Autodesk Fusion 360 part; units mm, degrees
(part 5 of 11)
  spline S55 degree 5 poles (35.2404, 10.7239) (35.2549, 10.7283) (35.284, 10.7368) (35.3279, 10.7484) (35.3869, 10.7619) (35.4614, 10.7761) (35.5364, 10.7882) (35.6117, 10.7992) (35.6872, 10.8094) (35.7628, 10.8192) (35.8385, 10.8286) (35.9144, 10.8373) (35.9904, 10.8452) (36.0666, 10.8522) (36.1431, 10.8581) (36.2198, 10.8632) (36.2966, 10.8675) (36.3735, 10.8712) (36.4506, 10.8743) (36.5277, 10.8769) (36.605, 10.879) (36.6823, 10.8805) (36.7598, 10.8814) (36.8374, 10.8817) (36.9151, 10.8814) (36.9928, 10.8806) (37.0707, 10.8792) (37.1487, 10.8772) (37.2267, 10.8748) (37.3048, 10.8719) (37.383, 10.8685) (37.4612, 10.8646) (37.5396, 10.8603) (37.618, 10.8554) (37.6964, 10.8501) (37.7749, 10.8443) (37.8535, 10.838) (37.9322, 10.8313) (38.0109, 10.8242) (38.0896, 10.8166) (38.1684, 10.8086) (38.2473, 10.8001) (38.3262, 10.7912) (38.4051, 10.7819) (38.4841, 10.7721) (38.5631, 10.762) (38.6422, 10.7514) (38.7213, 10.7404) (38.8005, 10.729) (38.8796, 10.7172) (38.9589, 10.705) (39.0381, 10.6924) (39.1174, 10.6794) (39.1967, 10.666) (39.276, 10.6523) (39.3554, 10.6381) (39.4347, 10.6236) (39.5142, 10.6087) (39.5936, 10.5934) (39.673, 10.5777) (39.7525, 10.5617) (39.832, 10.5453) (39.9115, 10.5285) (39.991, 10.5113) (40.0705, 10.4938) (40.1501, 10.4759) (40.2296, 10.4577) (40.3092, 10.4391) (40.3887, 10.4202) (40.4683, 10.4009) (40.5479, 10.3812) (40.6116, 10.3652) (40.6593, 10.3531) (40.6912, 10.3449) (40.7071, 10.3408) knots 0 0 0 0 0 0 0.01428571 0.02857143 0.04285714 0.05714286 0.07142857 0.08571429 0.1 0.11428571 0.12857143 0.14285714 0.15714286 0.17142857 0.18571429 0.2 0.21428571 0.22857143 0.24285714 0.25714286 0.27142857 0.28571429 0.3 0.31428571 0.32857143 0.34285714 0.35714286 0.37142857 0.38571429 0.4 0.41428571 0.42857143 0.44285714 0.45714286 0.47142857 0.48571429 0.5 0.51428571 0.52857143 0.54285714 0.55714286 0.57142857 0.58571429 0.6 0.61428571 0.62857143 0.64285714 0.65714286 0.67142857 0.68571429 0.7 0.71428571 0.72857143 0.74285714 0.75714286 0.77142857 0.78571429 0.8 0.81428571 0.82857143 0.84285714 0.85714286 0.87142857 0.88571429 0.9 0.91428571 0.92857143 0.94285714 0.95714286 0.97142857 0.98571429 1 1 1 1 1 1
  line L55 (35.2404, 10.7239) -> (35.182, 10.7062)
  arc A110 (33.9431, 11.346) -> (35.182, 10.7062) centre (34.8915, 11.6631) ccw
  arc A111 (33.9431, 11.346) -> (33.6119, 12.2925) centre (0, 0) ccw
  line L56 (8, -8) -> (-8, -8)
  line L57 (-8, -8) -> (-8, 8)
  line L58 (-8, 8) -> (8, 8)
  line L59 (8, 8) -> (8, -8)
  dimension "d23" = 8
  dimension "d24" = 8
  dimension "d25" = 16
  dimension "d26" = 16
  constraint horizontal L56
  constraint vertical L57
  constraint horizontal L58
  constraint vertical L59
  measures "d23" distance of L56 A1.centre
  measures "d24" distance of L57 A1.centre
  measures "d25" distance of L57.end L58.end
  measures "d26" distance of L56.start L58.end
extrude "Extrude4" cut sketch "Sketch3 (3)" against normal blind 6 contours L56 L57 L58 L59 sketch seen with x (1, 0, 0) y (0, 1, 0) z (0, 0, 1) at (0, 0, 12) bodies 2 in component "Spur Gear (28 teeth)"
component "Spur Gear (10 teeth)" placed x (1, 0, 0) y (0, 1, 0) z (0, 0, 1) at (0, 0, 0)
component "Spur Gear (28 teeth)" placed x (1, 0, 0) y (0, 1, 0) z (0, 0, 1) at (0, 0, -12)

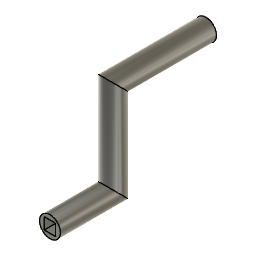
design "CRANK"
Autodesk Fusion 360 part; units mm, degrees
sketch "Sketch1" plane through (0, 0, 0) normal (0, 1, 0) x (1, 0, 0)
  circle A0 centre (0, 0) radius 31.369
  circle A1 centre (0, 0) radius 97.282
  dimension "d1" = 62.738
  dimension "d2" = 194.564
  constraint coincident A0.centre A1.centre
  measures "d1" diameter of A0
  measures "d2" diameter of A1
ref_plane "WorkPlane1" through (0, 2.921, 0) normal (0, 1, 0) x (1, 0, 0)
sketch "Sketch2" plane through (0, 2.921, 0) normal (0, 1, 0) x (1, 0, 0)
  circle A0 centre (0, 0) radius 31.369
  dimension "d15" = 62.738
  constraint coincident A0.centre origin
  measures "d15" diameter of A0
ref_plane "WorkPlane2" through (0, 59.563, 0) normal (0, 1, 0) x (1, 0, 0)
sketch "Sketch3" plane through (0, 59.563, 0) normal (0, 1, 0) x (1, 0, 0)
  circle A0 centre (0, 0) radius 31.369
  circle A1 centre (0, 0) radius 97.282
  dimension "d19" = 62.738
  dimension "d20" = 194.564
  constraint coincident A0.centre A1.centre
  measures "d19" diameter of A0
  measures "d20" diameter of A1
ref_plane "WorkPlane3" through (0, 2.921, 0) normal (0, 1, 0) x (1, 0, 0)
sketch "Sketch4" plane through (0, 2.921, 0) normal (0, 1, 0) x (1, 0, 0)
  circle A0 centre (0, 0) radius 92.456
  circle A1 centre (0, 0) radius 31.369
  dimension "d24" = 184.912
  dimension "d25" = 62.738
  constraint coincident A0.centre A1.centre
  measures "d24" diameter of A0
  measures "d25" diameter of A1
sketch "Sketch5" plane through (0, 0, 0) normal (0, 1, 0) x (1, 0, 0)
  circle A0 centre (0, 0) radius 30.861
  dimension "d28" = 61.722
  constraint coincident A0.centre origin
  measures "d28" diameter of A0
ref_plane "WorkPlane4" through (0, 76.2, 0) normal (0, 1, 0) x (1, 0, 0)
sketch "Sketch6" plane through (0, 76.2, 0) normal (0, 1, 0) x (1, 0, 0)
ref_plane "WorkPlane5" through (0, -19.05, 0) normal (0, -1, 0) x (-1, 0, 0)
sketch "Sketch7" plane through (0, -19.05, 0) normal (0, -1, 0) x (-1, 0, 0)
  circle A0 centre (0, 0) radius 25.4
  dimension "d33" = 50.8
  constraint coincident A0.centre origin
  measures "d33" diameter of A0
ref_plane "WorkPlane6" through (0, 62.23, 0) normal (0, 1, 0) x (1, 0, 0)
sketch "Sketch8" plane through (0, 62.23, 0) normal (0, 1, 0) x (1, 0, 0)
  circle A0 centre (0, 0) radius 31.425
  circle A1 centre (0, 0) radius 25.4019
  dimension "d38" = 62.85
  constraint coincident A0.centre A1.centre
  measures "d38" diameter of A0
ref_plane "WorkPlane7" through (0, 57.15, 0) normal (0, 1, 0) x (1, 0, 0)
sketch "Sketch9" plane through (0, 57.15, 0) normal (0, 1, 0) x (1, 0, 0)
  circle A0 centre (0, 0) radius 7.62
  dimension "d46" = 15.24
  constraint coincident A0.centre origin
  measures "d46" diameter of A0
ref_plane "WorkPlane8" through (0, 62.23, 0) normal (0, 1, 0) x (1, 0, 0)
sketch "Sketch10" plane through (0, 62.23, 0) normal (0, 1, 0) x (1, 0, 0)
  circle A0 centre (0, 0) radius 25.4
  circle A1 centre (0, 0) radius 44.45
  dimension "d50" = 50.8
  dimension "d51" = 88.9
  constraint coincident A0.centre A1.centre
  constraint concentric A0 A1
  measures "d50" diameter of A0
  measures "d51" diameter of A1
ref_plane "WorkPlane10" through (0, -19.05, 0) normal (0, -1, 0) x (-1, 0, 0)
sketch "Sketch12" plane through (0, -19.05, 0) normal (0, -1, 0) x (-1, 0, 0)
ref_plane "WorkPlane11" through (0, 86.36, 0) normal (0, 1, 0) x (1, 0, 0)
sketch "Sketch15" plane through (0, 86.36, 0) normal (0, 1, 0) x (1, 0, 0)
  line L0 (0, 0) -> (7.62, 0)
  line L1 (0, 0) -> (-7.62, 0)
  arc A0 (-7.62, 0) -> (7.62, 0) centre (0, 0) ccw
  dimension "d76" = 15.24
  constraint coincident L0.start L1.start
  constraint horizontal L0
  constraint parallel L0 L1
  measures "d76" diameter of A0
sketch "Sketch17" plane through (0, 86.36, 0) normal (0, 1, 0) x (1, 0, 0)
  circle A0 centre (0, 0) radius 9
  line L0 (7.8616, -0.2306) -> (-7.8616, -0.2306)
  arc A1 (7.8616, -0.2306) -> (-7.8616, -0.2306) centre (0, 0) ccw
  dimension "d80" = 18
  dimension "d81" = 15.73
  constraint coincident A0.centre A1.centre
  measures "d80" diameter of A0
  measures "d81" diameter of A1
ref_plane "WorkPlane12" through (0, 127.18, 0) normal (0, 1, 0) x (1, 0, 0)
sketch "Sketch18" plane through (0, 127.18, 0) normal (0, 1, 0) x (1, 0, 0)
  circle A0 centre (0, 0) radius 9
  dimension "d85" = 18
  constraint coincident A0.centre origin
  measures "d85" diameter of A0
ref_plane "WorkPlane14" through (9, 117.0493, 0) normal (1, 0, 0) x (0, 0, 1)
ref_plane "WorkPlane15" through (0, 117.0493, 0) normal (1, 0, 0) x (0, 0, 1)
sketch "Sketch19" plane through (0, 0, 0) normal (1, 0, 0) x (0, 1, 0)
  line L0 (127, 0) -> (141, 0)
  line L1 (141, 0) -> (141, 80)
  line L2 (141, 80) -> (221, 80)
  dimension "d89" = 80
  dimension "d90" = 80
  constraint horizontal L0
  constraint perpendicular L0 L1
  constraint perpendicular L1 L2
  measures "d89" distance of L0.end L1.end
  measures "d90" distance of L1.end L2.end
sweep "Sweep1" add profiles "Sketch18" path "Sketch19" along L0 L1 L2 section 1
ref_plane "WorkPlane16" through (0, -19.05, 0) normal (0, -1, 0) x (-1, 0, 0)
sketch "Sketch20" plane through (0, -19.05, 0) normal (0, -1, 0) x (-1, 0, 0)
  circle A0 centre (0, 0) radius 30
  dimension "d98" = 60
  constraint coincident A0.centre origin
  measures "d98" diameter of A0
ref_plane "WorkPlane17" through (0, -31.05, 0) normal (0, -1, 0) x (-1, 0, 0)
sketch "Sketch21" plane through (0, -31.05, 0) normal (0, -1, 0) x (-1, 0, 0)
ref_plane "WorkPlane18" through (0, 127, 0) normal (0, -1, 0) x (-1, 0, 0)
sketch "Sketch22" plane through (0, 127, 0) normal (0, -1, 0) x (-1, 0, 0)
  circle A0 centre (0, 0) radius 9
  line L0 (0, 0) -> (-7.6177, 0)
  line L1 (0, 0) -> (7.6177, 0)
  arc A1 (7.6177, 0) -> (-7.6177, 0) centre (0, 0) ccw
  dimension "d115" = 18
  constraint coincident A0.centre L0.start
  constraint concentric A0 A1
  constraint horizontal L0
  constraint parallel L0 L1
  measures "d115" diameter of A0
extrude "Extrude14" add sketch "Sketch22" along normal blind 40.5 contours A0 | L0 L1 A1
ref_plane "WorkPlane20" through (0, 86.5, 0) normal (0, -1, 0) x (-1, 0, 0)
sketch "Sketch24" plane through (0, 86.5, 0) normal (0, -1, 0) x (-1, 0, 0)
  line L0 (5, 5) -> (-5, 5)
  line L1 (-5, 5) -> (-5, -5)
  line L2 (-5, -5) -> (5, -5)
  line L3 (5, -5) -> (5, 5)
  line L4 (5, 5) -> (-5, -5) construction
  line L5 (-5, 5) -> (5, -5) construction
  dimension "d125" = 10
  dimension "d126" = 10
  constraint horizontal L0
  constraint perpendicular L0 L1
  constraint parallel L0 L2
  constraint parallel L1 L3
  constraint coincident L4 origin
  constraint coincident L5 origin
  measures "d125" distance of L1.end L2.end
  measures "d126" distance of L0.end L1.end
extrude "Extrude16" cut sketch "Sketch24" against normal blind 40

» **Work order**: Quote the listing word for word from its first line through the line in which "(part 5 of 11)" appears.

» **Task response**:
Autodesk Fusion 360 part; units mm, degrees
(part 5 of 11)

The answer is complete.